**WHAT NEEDS TO BE DONE**
Can you find the lines of the listing that include "join" and copy every one?
[Start of section]
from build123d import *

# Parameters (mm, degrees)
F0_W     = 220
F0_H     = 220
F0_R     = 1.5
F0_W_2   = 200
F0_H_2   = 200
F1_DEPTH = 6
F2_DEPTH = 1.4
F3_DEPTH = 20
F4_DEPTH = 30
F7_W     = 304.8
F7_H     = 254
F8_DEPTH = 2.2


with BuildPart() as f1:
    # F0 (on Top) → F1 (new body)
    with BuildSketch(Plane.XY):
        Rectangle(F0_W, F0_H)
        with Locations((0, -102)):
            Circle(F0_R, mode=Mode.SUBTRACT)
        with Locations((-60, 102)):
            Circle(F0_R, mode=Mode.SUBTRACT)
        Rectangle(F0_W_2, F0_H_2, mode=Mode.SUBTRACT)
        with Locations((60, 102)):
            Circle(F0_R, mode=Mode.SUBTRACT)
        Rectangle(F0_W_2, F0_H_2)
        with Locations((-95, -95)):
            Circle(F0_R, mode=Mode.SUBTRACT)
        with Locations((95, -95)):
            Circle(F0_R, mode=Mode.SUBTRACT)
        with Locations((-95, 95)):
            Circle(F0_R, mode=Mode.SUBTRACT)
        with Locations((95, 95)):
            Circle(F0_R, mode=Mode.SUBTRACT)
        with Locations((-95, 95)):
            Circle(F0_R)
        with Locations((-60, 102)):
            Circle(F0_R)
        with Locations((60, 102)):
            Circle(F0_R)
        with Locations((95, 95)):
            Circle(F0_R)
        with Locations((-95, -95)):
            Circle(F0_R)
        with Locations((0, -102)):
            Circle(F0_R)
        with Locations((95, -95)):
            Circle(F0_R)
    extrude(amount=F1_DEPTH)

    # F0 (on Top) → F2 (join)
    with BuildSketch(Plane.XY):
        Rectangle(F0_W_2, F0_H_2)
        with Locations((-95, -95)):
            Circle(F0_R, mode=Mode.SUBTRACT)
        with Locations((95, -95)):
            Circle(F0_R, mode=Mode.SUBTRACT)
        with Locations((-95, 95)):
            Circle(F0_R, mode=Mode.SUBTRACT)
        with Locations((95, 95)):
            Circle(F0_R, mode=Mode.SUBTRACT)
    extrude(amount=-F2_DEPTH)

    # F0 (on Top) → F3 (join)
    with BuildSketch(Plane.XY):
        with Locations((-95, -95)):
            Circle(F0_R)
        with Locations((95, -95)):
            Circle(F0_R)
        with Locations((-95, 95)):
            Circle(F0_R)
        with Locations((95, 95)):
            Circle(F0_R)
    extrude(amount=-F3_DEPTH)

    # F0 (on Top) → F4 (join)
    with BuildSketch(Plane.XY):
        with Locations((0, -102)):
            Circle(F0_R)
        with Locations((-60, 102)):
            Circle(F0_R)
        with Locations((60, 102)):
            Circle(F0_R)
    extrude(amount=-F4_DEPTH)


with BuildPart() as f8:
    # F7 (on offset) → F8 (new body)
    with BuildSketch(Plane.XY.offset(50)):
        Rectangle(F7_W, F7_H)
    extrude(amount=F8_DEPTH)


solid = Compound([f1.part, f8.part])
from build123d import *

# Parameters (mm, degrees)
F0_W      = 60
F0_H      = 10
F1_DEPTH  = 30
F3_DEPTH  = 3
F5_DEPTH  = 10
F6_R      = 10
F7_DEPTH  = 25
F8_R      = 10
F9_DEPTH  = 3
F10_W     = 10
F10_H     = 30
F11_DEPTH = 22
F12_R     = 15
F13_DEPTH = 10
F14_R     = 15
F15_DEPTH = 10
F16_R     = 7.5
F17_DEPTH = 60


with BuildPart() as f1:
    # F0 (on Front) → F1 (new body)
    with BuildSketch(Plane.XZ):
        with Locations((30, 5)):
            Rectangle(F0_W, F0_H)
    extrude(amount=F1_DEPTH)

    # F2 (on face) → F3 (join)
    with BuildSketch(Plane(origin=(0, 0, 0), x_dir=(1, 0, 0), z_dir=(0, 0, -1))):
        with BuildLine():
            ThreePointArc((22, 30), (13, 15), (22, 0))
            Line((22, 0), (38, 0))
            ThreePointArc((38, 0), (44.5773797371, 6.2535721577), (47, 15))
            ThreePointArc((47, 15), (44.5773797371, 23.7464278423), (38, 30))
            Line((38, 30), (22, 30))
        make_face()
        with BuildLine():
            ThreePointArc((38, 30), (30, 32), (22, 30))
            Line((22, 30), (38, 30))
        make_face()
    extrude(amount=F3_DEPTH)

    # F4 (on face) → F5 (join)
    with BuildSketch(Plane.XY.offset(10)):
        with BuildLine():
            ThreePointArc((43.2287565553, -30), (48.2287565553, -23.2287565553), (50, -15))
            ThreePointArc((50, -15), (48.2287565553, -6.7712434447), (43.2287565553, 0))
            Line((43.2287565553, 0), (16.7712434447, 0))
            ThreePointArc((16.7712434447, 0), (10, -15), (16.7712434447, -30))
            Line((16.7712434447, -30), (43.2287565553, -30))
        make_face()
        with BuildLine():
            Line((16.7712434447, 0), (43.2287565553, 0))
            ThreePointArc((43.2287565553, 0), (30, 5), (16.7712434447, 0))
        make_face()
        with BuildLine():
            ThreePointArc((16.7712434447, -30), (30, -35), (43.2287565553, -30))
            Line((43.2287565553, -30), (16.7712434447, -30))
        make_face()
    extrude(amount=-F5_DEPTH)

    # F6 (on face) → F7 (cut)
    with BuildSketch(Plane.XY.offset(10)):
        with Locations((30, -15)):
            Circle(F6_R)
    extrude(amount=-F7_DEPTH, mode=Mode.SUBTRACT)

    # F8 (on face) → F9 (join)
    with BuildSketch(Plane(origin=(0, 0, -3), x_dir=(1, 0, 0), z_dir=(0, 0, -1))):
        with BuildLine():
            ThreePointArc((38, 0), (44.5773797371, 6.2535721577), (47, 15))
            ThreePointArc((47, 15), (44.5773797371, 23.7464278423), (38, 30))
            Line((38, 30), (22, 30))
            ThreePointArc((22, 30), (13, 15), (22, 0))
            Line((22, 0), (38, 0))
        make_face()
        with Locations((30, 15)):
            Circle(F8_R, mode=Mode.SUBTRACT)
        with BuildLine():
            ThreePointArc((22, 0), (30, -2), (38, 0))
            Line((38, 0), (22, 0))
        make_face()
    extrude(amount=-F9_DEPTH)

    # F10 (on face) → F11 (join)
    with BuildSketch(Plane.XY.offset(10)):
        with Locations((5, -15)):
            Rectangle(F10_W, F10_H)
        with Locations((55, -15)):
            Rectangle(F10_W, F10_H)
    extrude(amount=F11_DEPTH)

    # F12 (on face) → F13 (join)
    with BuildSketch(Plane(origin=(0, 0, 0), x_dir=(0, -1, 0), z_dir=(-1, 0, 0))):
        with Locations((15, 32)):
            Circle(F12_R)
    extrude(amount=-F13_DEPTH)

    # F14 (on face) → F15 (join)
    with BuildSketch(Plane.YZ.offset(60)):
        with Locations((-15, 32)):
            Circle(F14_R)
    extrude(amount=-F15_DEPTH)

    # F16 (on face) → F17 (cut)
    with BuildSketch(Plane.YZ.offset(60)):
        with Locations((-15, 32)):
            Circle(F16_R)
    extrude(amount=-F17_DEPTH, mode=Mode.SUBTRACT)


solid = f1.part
[End of section]
**ANSWER TO THIS PROBLEM**
    # F0 (on Top) → F2 (join)
    # F0 (on Top) → F3 (join)
    # F0 (on Top) → F4 (join)
    # F2 (on face) → F3 (join)
    # F4 (on face) → F5 (join)
    # F8 (on face) → F9 (join)
    # F10 (on face) → F11 (join)
    # F12 (on face) → F13 (join)
    # F14 (on face) → F15 (join)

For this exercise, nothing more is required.